** Provided material **
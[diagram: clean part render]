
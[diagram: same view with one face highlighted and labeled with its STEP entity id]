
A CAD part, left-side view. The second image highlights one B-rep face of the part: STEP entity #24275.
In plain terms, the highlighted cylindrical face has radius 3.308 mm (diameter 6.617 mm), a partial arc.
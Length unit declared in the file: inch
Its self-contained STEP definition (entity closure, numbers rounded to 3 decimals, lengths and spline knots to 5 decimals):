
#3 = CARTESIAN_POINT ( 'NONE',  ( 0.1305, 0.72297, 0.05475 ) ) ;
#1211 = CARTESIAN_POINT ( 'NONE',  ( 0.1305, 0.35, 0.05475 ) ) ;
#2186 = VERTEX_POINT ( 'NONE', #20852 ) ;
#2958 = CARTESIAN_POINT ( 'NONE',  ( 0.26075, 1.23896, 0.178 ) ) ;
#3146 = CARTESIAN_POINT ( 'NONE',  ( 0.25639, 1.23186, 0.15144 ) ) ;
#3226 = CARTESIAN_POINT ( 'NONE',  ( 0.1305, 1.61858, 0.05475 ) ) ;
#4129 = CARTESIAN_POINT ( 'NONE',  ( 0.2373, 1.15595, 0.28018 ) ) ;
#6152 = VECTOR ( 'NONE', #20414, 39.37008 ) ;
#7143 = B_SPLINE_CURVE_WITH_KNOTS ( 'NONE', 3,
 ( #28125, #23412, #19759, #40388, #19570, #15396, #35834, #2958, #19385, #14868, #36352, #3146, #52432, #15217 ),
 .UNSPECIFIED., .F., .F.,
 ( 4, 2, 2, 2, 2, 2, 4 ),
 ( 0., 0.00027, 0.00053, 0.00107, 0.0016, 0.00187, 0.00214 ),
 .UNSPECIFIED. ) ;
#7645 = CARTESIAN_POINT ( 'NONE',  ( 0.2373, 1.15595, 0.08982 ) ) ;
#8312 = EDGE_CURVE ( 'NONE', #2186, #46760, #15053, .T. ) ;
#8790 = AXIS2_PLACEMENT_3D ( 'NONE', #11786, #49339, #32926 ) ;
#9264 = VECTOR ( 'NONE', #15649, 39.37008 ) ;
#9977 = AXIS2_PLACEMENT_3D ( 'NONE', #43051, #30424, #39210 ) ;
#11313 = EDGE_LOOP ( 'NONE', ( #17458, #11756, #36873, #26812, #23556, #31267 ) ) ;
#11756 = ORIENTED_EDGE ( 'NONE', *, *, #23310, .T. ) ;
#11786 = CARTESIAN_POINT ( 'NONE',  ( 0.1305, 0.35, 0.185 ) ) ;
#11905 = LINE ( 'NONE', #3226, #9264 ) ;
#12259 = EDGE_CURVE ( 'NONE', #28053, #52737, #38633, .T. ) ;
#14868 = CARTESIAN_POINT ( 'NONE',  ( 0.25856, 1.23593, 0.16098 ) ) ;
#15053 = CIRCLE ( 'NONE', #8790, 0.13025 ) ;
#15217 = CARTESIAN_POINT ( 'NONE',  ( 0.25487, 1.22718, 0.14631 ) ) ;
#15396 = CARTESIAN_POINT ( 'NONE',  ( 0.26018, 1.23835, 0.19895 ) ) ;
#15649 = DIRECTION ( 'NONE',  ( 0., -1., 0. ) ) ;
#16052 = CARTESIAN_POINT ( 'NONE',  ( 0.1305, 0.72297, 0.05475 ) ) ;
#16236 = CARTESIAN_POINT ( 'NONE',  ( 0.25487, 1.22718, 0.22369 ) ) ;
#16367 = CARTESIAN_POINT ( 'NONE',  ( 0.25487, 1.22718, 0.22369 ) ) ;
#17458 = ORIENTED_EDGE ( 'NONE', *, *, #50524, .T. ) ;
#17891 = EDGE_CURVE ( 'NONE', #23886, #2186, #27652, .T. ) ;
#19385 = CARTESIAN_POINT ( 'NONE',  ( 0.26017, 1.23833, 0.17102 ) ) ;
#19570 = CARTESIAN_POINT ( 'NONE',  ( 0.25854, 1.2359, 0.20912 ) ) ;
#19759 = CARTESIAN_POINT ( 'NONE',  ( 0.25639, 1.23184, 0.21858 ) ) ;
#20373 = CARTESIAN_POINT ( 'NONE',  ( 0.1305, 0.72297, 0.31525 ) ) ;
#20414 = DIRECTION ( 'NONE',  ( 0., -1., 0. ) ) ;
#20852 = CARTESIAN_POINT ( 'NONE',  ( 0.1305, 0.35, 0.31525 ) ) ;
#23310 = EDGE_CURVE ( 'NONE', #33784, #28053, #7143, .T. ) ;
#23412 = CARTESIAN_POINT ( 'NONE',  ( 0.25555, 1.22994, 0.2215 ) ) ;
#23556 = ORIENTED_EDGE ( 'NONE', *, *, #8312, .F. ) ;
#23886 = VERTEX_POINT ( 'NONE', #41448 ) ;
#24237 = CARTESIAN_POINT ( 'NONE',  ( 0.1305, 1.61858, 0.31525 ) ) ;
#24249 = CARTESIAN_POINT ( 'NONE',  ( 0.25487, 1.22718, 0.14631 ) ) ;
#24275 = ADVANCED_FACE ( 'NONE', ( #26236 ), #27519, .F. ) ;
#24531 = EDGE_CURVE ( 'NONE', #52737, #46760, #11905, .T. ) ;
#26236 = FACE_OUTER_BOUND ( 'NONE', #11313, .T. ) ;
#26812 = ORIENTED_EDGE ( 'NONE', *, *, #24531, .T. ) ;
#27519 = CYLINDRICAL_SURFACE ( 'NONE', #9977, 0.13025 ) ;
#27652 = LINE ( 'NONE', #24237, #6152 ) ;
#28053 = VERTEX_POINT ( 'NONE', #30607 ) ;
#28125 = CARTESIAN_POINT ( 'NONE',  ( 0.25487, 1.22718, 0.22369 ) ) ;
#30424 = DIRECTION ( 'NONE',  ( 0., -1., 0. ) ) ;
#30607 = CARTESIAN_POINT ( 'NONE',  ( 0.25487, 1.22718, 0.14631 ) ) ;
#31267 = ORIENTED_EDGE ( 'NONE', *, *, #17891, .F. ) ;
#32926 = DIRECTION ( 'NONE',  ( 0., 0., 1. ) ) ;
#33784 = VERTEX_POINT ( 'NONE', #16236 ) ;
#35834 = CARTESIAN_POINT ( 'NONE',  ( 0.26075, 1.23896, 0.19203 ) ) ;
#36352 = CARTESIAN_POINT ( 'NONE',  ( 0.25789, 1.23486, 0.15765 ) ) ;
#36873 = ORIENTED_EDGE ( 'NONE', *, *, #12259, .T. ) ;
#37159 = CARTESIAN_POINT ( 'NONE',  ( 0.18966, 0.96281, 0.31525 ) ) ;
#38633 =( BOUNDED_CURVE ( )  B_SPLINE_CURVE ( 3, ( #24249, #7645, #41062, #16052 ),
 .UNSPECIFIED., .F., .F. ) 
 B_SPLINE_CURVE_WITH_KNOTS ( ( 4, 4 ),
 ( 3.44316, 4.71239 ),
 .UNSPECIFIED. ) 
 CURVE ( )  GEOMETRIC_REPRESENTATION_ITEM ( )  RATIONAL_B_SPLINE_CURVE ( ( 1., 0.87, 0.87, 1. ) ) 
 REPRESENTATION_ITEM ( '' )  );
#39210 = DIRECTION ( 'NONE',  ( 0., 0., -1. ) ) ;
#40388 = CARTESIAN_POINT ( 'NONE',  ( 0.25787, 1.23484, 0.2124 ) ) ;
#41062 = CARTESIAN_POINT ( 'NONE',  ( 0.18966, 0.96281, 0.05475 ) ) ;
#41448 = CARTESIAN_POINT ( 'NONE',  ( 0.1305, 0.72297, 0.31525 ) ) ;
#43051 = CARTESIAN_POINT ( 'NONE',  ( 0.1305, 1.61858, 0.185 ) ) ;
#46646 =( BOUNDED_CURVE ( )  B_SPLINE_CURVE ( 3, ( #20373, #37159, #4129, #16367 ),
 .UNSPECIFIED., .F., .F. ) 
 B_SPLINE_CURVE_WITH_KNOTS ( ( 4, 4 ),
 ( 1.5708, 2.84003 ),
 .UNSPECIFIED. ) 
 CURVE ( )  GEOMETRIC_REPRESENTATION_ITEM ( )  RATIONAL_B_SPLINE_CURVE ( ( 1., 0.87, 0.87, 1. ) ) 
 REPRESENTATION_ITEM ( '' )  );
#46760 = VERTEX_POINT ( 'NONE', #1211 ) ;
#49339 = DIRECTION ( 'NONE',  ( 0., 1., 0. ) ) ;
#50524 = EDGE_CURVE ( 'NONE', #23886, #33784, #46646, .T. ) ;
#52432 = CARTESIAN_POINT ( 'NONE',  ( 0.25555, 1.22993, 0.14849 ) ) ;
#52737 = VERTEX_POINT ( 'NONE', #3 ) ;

** What to work on **
Please output exactly the lines between the one holding "( 3.44316, 4.71239" and the one holding "#43051 = CARTESIAN_POINT" in the records above, inclusive, and nothing more.

** Result **
 ( 3.44316, 4.71239 ),
 .UNSPECIFIED. ) 
 CURVE ( )  GEOMETRIC_REPRESENTATION_ITEM ( )  RATIONAL_B_SPLINE_CURVE ( ( 1., 0.87, 0.87, 1. ) ) 
 REPRESENTATION_ITEM ( '' )  );
#39210 = DIRECTION ( 'NONE',  ( 0., 0., -1. ) ) ;
#40388 = CARTESIAN_POINT ( 'NONE',  ( 0.25787, 1.23484, 0.2124 ) ) ;
#41062 = CARTESIAN_POINT ( 'NONE',  ( 0.18966, 0.96281, 0.05475 ) ) ;
#41448 = CARTESIAN_POINT ( 'NONE',  ( 0.1305, 0.72297, 0.31525 ) ) ;
#43051 = CARTESIAN_POINT ( 'NONE',  ( 0.1305, 1.61858, 0.185 ) ) ;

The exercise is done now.